Allow Listening on :: for IPv6

Reported by: DJX Owned by:
Priority: Low Milestone: Tor: 0.2.9.x-final
Component: Core Tor/Tor Version: Tor: 0.2.7.6
Severity: Minor Keywords: ipv6
Cc: Actual Points:
Parent ID: Points:
Reviewer: Sponsor:

Description

Running tor-win32-0.2.7.6, SocksPort and ORPort do not allow binding to "::1" for "all IPv6 interfaces". They do allow binding to "0.0.0.0" for "all IPv4 interfaces" though.
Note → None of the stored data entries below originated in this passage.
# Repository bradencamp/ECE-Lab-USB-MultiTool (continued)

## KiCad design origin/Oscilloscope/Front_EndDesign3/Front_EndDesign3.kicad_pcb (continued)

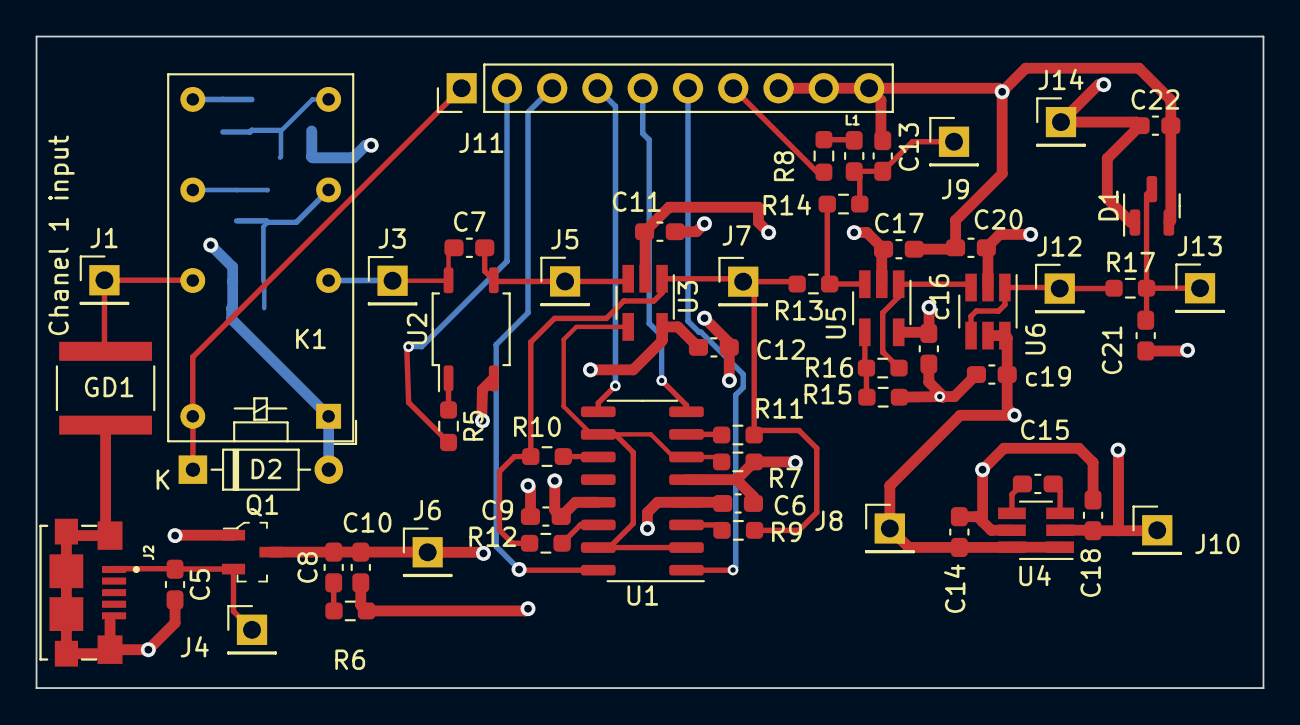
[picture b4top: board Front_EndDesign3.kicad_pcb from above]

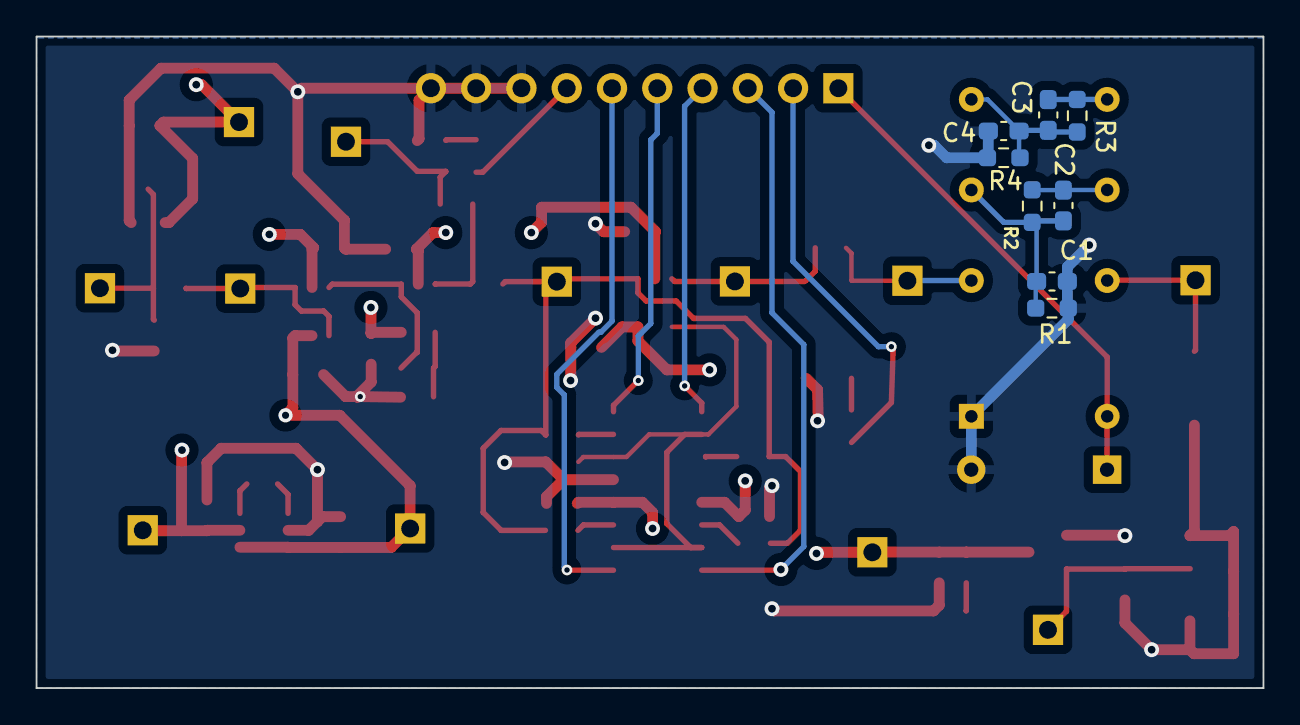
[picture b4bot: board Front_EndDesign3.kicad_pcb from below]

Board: 4 copper layers, 68.8 x 36.6 mm, 65 parts (8 on the bottom side), 36 nets.

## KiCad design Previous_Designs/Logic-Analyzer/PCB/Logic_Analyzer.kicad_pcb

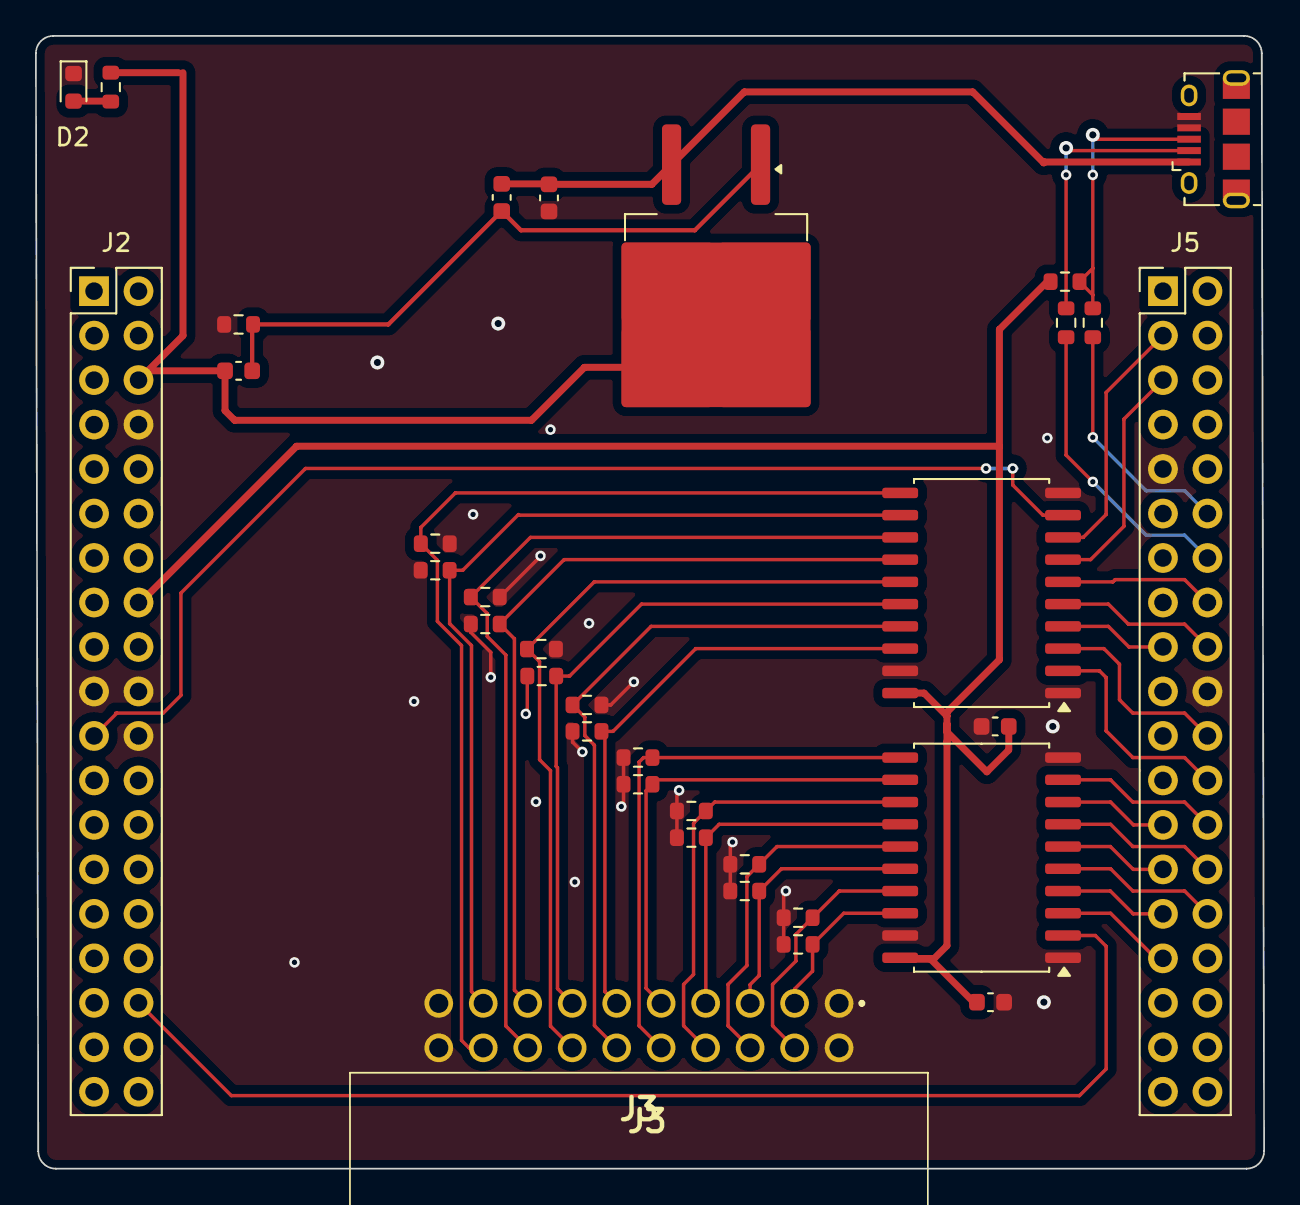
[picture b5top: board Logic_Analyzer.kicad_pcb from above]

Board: 2 copper layers, 70.1 x 64.7 mm, 34 parts (0 on the bottom side), 42 nets.

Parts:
C1, C2, C4, C5: 100nF; C_0603_1608Metric
C3: 1uF; C_0603_1608Metric
D2: LED; LED_0603_1608Metric
J1: USB Micro; USB_Micro-B_Amphenol_10118194_Horizontal
J2: nuc303_LEFT; PinSocket_2x19_P2.54mm_Vertical
J3: 30320-5002HB; 303205002HB
J5: nuc303_RIGHT; PinSocket_2x19_P2.54mm_Vertical
Q2: PMOS; TO-263-2
R1, R6, R7, R8, R9, R10, R11, R12, R13, R14, R15, R16, R17, R18, R19, R20, R21: 1M; R_0603_1608Metric
R2, R4: 22; R_0603_1608Metric
R3: 1k; R_0603_1608Metric
R5: 1.5k; R_0603_1608Metric
U1, U3: 74HC245N; SOIC-20W_7.5x12.8mm_P1.27mm

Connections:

This ticket is a feature request to allow binding to "::1" for "all IPv6 interfaces" in torrc.

Child Tickets

Change History (13)

comment:1 Changed 3 years ago by DJX

Component: - Select a componentTor

comment:2 in reply to:  description Changed 3 years ago by cypherpunks

Replying to DJX:

"::1" for "all IPv6 interfaces".
This ticket is a feature request to allow binding to "::1" for "all IPv6 interfaces" in torrc.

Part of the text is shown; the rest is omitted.